» What is needed:
Every record must be repeated exactly; omit any pictures they contain.

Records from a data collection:
---
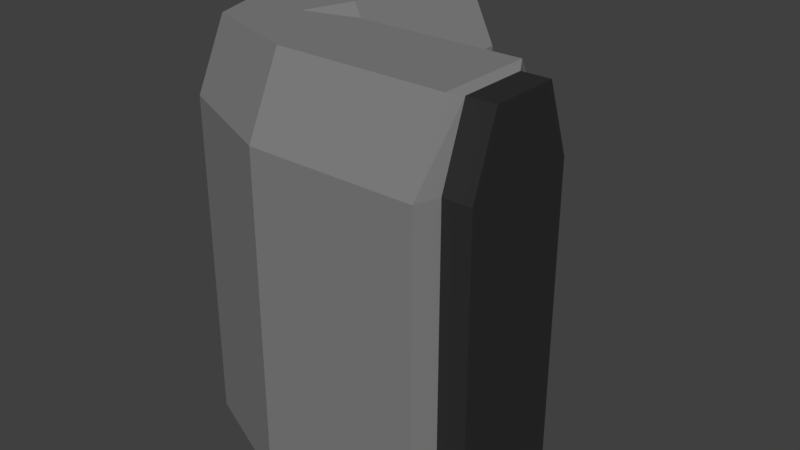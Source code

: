 # Source: wallCornerRight.blend  (saved by Blender 2.79.0; exported with 4.5.12 LTS)
import bpy
from mathutils import Matrix  # noqa: F401  (used for matrix-valued properties, if any)

bpy.ops.wm.read_factory_settings(use_empty=True)
scene = bpy.context.scene
scene.name = 'Scene'

# ---- collections
col_collection_1 = bpy.data.collections.new('Collection 1'); scene.collection.children.link(col_collection_1)

# ---- materials (node trees are filled in below, after node groups)
mat_material_001 = bpy.data.materials.new('Material.001')
mat_material_001.alpha_threshold = 0.0
mat_material_001.use_transparent_shadow = False
mat_material_001.diffuse_color = (0.2203, 0.2203, 0.2203, 1.0)
mat_material_001.roughness = 0.5
mat_material_002 = bpy.data.materials.new('Material.002')
mat_material_002.alpha_threshold = 0.0
mat_material_002.use_transparent_shadow = False
mat_material_002.diffuse_color = (0.0291, 0.0291, 0.0291, 1.0)
mat_material_002.roughness = 0.5

# ---- material node trees

# ---- world
world_world = bpy.data.worlds.new('World'); scene.world = world_world
world_world.color = (0.05088, 0.05088, 0.05088)
world_world.use_sun_shadow = False
world_world.sun_shadow_jitter_overblur = 0.0
world_world.cycles.sampling_method = 'MANUAL'

# ---- meshes
me_cube_009 = bpy.data.meshes.new('Cube.009')
me_cube_009.from_pydata([(-1.134, 0.8465, -5.272), (-1.134, 0.8465, -1.514), (-1.131, -2.925, -5.272), (-1.131, -2.925, -1.514), (2.627, 0.8326, -5.272), (2.627, 0.8326, -1.514), (2.627, -2.925, -5.272), (2.627, -2.925, -1.514), (-1.134, 0.8465, 2.244), (-1.131, -2.925, 2.244), (2.627, 0.8326, 2.244), (2.627, -2.925, 2.244), (-1.131, 0.02816, 3.922), (-1.131, -2.121, 3.922), (2.627, 0.02816, 3.922), (2.627, -2.121, 3.922), (2.803, 0.3011, -5.272), (2.803, 0.3011, -1.514), (2.803, -2.394, -5.272), (2.803, -2.394, -1.514), (2.803, 0.3011, 2.244), (2.803, -2.394, 2.244), (2.803, -0.2758, 3.822), (2.803, -1.817, 3.822), (3.428, 0.3011, -5.272), (3.428, 0.3011, -1.514), (3.428, -2.394, -5.272), (3.428, -2.394, -1.514), (3.428, 0.3011, 2.244), (3.428, -2.394, 2.244), (3.428, -0.2758, 3.822), (3.428, -1.817, 3.822), (-1.134, 4.527, -5.272), (-1.134, 4.527, -1.514), (-4.892, 0.8465, -5.272), (-4.892, 0.8465, -1.514), (-1.134, 4.527, 2.244), (-4.892, 0.8465, 2.244), (-1.939, 0.8465, 3.922), (-4.087, 0.8465, 3.922), (-4.892, 4.527, -5.272), (-4.892, 4.527, -1.514), (-4.892, 4.527, 2.244), (-1.939, 4.527, 3.922), (-4.087, 4.527, 3.922), (-3.375, -1.375, 3.922), (-3.777, -1.777, 2.244), (-3.777, -1.777, -5.272), (-2.3, -0.3009, 3.922), (-3.777, -1.777, -1.514)], [], [(48, 38, 39, 45), (2, 6, 7, 3), (14, 22, 20, 10), (4, 0, 1, 5), (2, 0, 4, 6), (6, 18, 19, 7), (8, 12, 14, 10), (2, 47, 34, 0), (1, 8, 10, 5), (7, 11, 9, 3), (15, 14, 12, 13), (11, 15, 13, 9), (10, 20, 17, 5), (45, 39, 37, 46), (23, 31, 30, 22), (21, 29, 31, 23), (18, 26, 27, 19), (15, 23, 22, 14), (5, 17, 16, 4), (4, 16, 18, 6), (11, 21, 23, 15), (7, 19, 21, 11), (26, 24, 25, 27), (25, 28, 29, 27), (28, 30, 31, 29), (19, 27, 29, 21), (17, 25, 24, 16), (16, 24, 26, 18), (22, 30, 28, 20), (20, 28, 25, 17), (1, 33, 36, 8), (37, 42, 41, 35), (34, 40, 32, 0), (41, 42, 36, 33), (8, 38, 48), (49, 35, 34, 47), (32, 40, 41, 33), (46, 37, 35, 49), (42, 44, 43, 36), (39, 44, 42, 37), (8, 36, 43, 38), (38, 43, 44, 39), (0, 32, 33, 1), (35, 41, 40, 34), (9, 46, 49, 3), (3, 49, 47, 2), (13, 45, 46, 9), (12, 48, 45, 13), (48, 12, 8)])
me_cube_009.polygons.foreach_set('material_index', [0, 0, 0, 0, 0, 0, 0, 0, 0, 0, 0, 0, 0, 0, 1, 1, 1, 0, 0, 0, 0, 0, 1, 1, 1, 1, 1, 1, 1, 1, 0, 0, 0, 0, 0, 0, 0, 0, 0, 0, 0, 0, 0, 0, 0, 0, 0, 0, 0])
me_cube_009.materials.append(mat_material_001)
me_cube_009.materials.append(mat_material_002)
me_cube_009.use_remesh_preserve_volume = False
me_cube_009.use_remesh_preserve_attributes = False
me_cube_009.use_mirror_vertex_groups = False
me_cube_009.update()

# ---- objects
ob_cornerwallleft = bpy.data.objects.new('cornerWallLeft', me_cube_009)

# ---- transforms, parenting, visibility, modifiers, constraints
ob_cornerwallleft.location = (0.0, 0.0, 0.0)
ob_cornerwallleft.lineart.crease_threshold = 0.0

# ---- collection membership
col_collection_1.objects.link(ob_cornerwallleft)

# ---- scene / render settings (as saved in the file)
scene.frame_start = 1; scene.frame_end = 250; scene.frame_set(1)
scene.render.engine = 'BLENDER_EEVEE_NEXT'
scene.render.resolution_percentage = 50
scene.render.dither_intensity = 0.0
scene.cycles.use_denoising = False
scene.cycles.samples = 128
scene.cycles.sampling_pattern = 'TABULATED_SOBOL'
scene.cycles.use_adaptive_sampling = False
scene.cycles.use_light_tree = False
scene.cycles.blur_glossy = 0.0
scene.cycles.sample_clamp_indirect = 0.0
scene.view_settings.view_transform = 'Standard'
bpy.context.view_layer.update()

# ---- added for rendering (the .blend has no active camera and no usable light): camera, sun
cam_auto = bpy.data.cameras.new('AutoCamera')
cam_auto.lens = 50.0
cam_auto.sensor_width = 36.0
cam_auto.clip_end = 1000.0
ob_auto_camera = bpy.data.objects.new('AutoCamera', cam_auto)
scene.collection.objects.link(ob_auto_camera)
ob_auto_camera.location = (12.6526, -15.2607, 10.0328)
ob_auto_camera.rotation_euler = (1.09748, -7.21219e-08, 0.694738)
scene.camera = ob_auto_camera
light_auto_sun = bpy.data.lights.new('AutoSun', 'SUN')
light_auto_sun.energy = 3.0
light_auto_sun.angle = 0.0523599
ob_auto_sun = bpy.data.objects.new('AutoSun', light_auto_sun)
scene.collection.objects.link(ob_auto_sun)
ob_auto_sun.rotation_euler = (0.872665, 0.174533, 0.523599)
bpy.context.view_layer.update()
---
» Task answer:
Source code

: # Source: wallCornerRight.blend  (saved by Blender 2.79.0; exported with 4.5.12 LTS)
import bpy
from mathutils import Matrix  # noqa: F401  (used for matrix-valued properties, if any)

bpy.ops.wm.read_factory_settings(use_empty=True)
scene = bpy.context.scene
scene.name = 'Scene'

# ---- collections
col_collection_1 = bpy.data.collections.new('Collection 1'); scene.collection.children.link(col_collection_1)

# ---- materials (node trees are filled in below, after node groups)
mat_material_001 = bpy.data.materials.new('Material.001')
mat_material_001.alpha_threshold = 0.0
mat_material_001.use_transparent_shadow = False
mat_material_001.diffuse_color = (0.2203, 0.2203, 0.2203, 1.0)
mat_material_001.roughness = 0.5
mat_material_002 = bpy.data.materials.new('Material.002')
mat_material_002.alpha_threshold = 0.0
mat_material_002.use_transparent_shadow = False
mat_material_002.diffuse_color = (0.0291, 0.0291, 0.0291, 1.0)
mat_material_002.roughness = 0.5

# ---- material node trees

# ---- world
world_world = bpy.data.worlds.new('World'); scene.world = world_world
world_world.color = (0.05088, 0.05088, 0.05088)
world_world.use_sun_shadow = False
world_world.sun_shadow_jitter_overblur = 0.0
world_world.cycles.sampling_method = 'MANUAL'

# ---- meshes
me_cube_009 = bpy.data.meshes.new('Cube.009')
me_cube_009.from_pydata([(-1.134, 0.8465, -5.272), (-1.134, 0.8465, -1.514), (-1.131, -2.925, -5.272), (-1.131, -2.925, -1.514), (2.627, 0.8326, -5.272), (2.627, 0.8326, -1.514), (2.627, -2.925, -5.272), (2.627, -2.925, -1.514), (-1.134, 0.8465, 2.244), (-1.131, -2.925, 2.244), (2.627, 0.8326, 2.244), (2.627, -2.925, 2.244), (-1.131, 0.02816, 3.922), (-1.131, -2.121, 3.922), (2.627, 0.02816, 3.922), (2.627, -2.121, 3.922), (2.803, 0.3011, -5.272), (2.803, 0.3011, -1.514), (2.803, -2.394, -5.272), (2.803, -2.394, -1.514), (2.803, 0.3011, 2.244), (2.803, -2.394, 2.244), (2.803, -0.2758, 3.822), (2.803, -1.817, 3.822), (3.428, 0.3011, -5.272), (3.428, 0.3011, -1.514), (3.428, -2.394, -5.272), (3.428, -2.394, -1.514), (3.428, 0.3011, 2.244), (3.428, -2.394, 2.244), (3.428, -0.2758, 3.822), (3.428, -1.817, 3.822), (-1.134, 4.527, -5.272), (-1.134, 4.527, -1.514), (-4.892, 0.8465, -5.272), (-4.892, 0.8465, -1.514), (-1.134, 4.527, 2.244), (-4.892, 0.8465, 2.244), (-1.939, 0.8465, 3.922), (-4.087, 0.8465, 3.922), (-4.892, 4.527, -5.272), (-4.892, 4.527, -1.514), (-4.892, 4.527, 2.244), (-1.939, 4.527, 3.922), (-4.087, 4.527, 3.922), (-3.375, -1.375, 3.922), (-3.777, -1.777, 2.244), (-3.777, -1.777, -5.272), (-2.3, -0.3009, 3.922), (-3.777, -1.777, -1.514)], [], [(48, 38, 39, 45), (2, 6, 7, 3), (14, 22, 20, 10), (4, 0, 1, 5), (2, 0, 4, 6), (6, 18, 19, 7), (8, 12, 14, 10), (2, 47, 34, 0), (1, 8, 10, 5), (7, 11, 9, 3), (15, 14, 12, 13), (11, 15, 13, 9), (10, 20, 17, 5), (45, 39, 37, 46), (23, 31, 30, 22), (21, 29, 31, 23), (18, 26, 27, 19), (15, 23, 22, 14), (5, 17, 16, 4), (4, 16, 18, 6), (11, 21, 23, 15), (7, 19, 21, 11), (26, 24, 25, 27), (25, 28, 29, 27), (28, 30, 31, 29), (19, 27, 29, 21), (17, 25, 24, 16), (16, 24, 26, 18), (22, 30, 28, 20), (20, 28, 25, 17), (1, 33, 36, 8), (37, 42, 41, 35), (34, 40, 32, 0), (41, 42, 36, 33), (8, 38, 48), (49, 35, 34, 47), (32, 40, 41, 33), (46, 37, 35, 49), (42, 44, 43, 36), (39, 44, 42, 37), (8, 36, 43, 38), (38, 43, 44, 39), (0, 32, 33, 1), (35, 41, 40, 34), (9, 46, 49, 3), (3, 49, 47, 2), (13, 45, 46, 9), (12, 48, 45, 13), (48, 12, 8)])
me_cube_009.polygons.foreach_set('material_index', [0, 0, 0, 0, 0, 0, 0, 0, 0, 0, 0, 0, 0, 0, 1, 1, 1, 0, 0, 0, 0, 0, 1, 1, 1, 1, 1, 1, 1, 1, 0, 0, 0, 0, 0, 0, 0, 0, 0, 0, 0, 0, 0, 0, 0, 0, 0, 0, 0])
me_cube_009.materials.append(mat_material_001)
me_cube_009.materials.append(mat_material_002)
me_cube_009.use_remesh_preserve_volume = False
me_cube_009.use_remesh_preserve_attributes = False
me_cube_009.use_mirror_vertex_groups = False
me_cube_009.update()

# ---- objects
ob_cornerwallleft = bpy.data.objects.new('cornerWallLeft', me_cube_009)

# ---- transforms, parenting, visibility, modifiers, constraints
ob_cornerwallleft.location = (0.0, 0.0, 0.0)
ob_cornerwallleft.lineart.crease_threshold = 0.0

# ---- collection membership
col_collection_1.objects.link(ob_cornerwallleft)

# ---- scene / render settings (as saved in the file)
scene.frame_start = 1; scene.frame_end = 250; scene.frame_set(1)
scene.render.engine = 'BLENDER_EEVEE_NEXT'
scene.render.resolution_percentage = 50
scene.render.dither_intensity = 0.0
scene.cycles.use_denoising = False
scene.cycles.samples = 128
scene.cycles.sampling_pattern = 'TABULATED_SOBOL'
scene.cycles.use_adaptive_sampling = False
scene.cycles.use_light_tree = False
scene.cycles.blur_glossy = 0.0
scene.cycles.sample_clamp_indirect = 0.0
scene.view_settings.view_transform = 'Standard'
bpy.context.view_layer.update()

# ---- added for rendering (the .blend has no active camera and no usable light): camera, sun
cam_auto = bpy.data.cameras.new('AutoCamera')
cam_auto.lens = 50.0
cam_auto.sensor_width = 36.0
cam_auto.clip_end = 1000.0
ob_auto_camera = bpy.data.objects.new('AutoCamera', cam_auto)
scene.collection.objects.link(ob_auto_camera)
ob_auto_camera.location = (12.6526, -15.2607, 10.0328)
ob_auto_camera.rotation_euler = (1.09748, -7.21219e-08, 0.694738)
scene.camera = ob_auto_camera
light_auto_sun = bpy.data.lights.new('AutoSun', 'SUN')
light_auto_sun.energy = 3.0
light_auto_sun.angle = 0.0523599
ob_auto_sun = bpy.data.objects.new('AutoSun', light_auto_sun)
scene.collection.objects.link(ob_auto_sun)
ob_auto_sun.rotation_euler = (0.872665, 0.174533, 0.523599)
bpy.context.view_layer.update()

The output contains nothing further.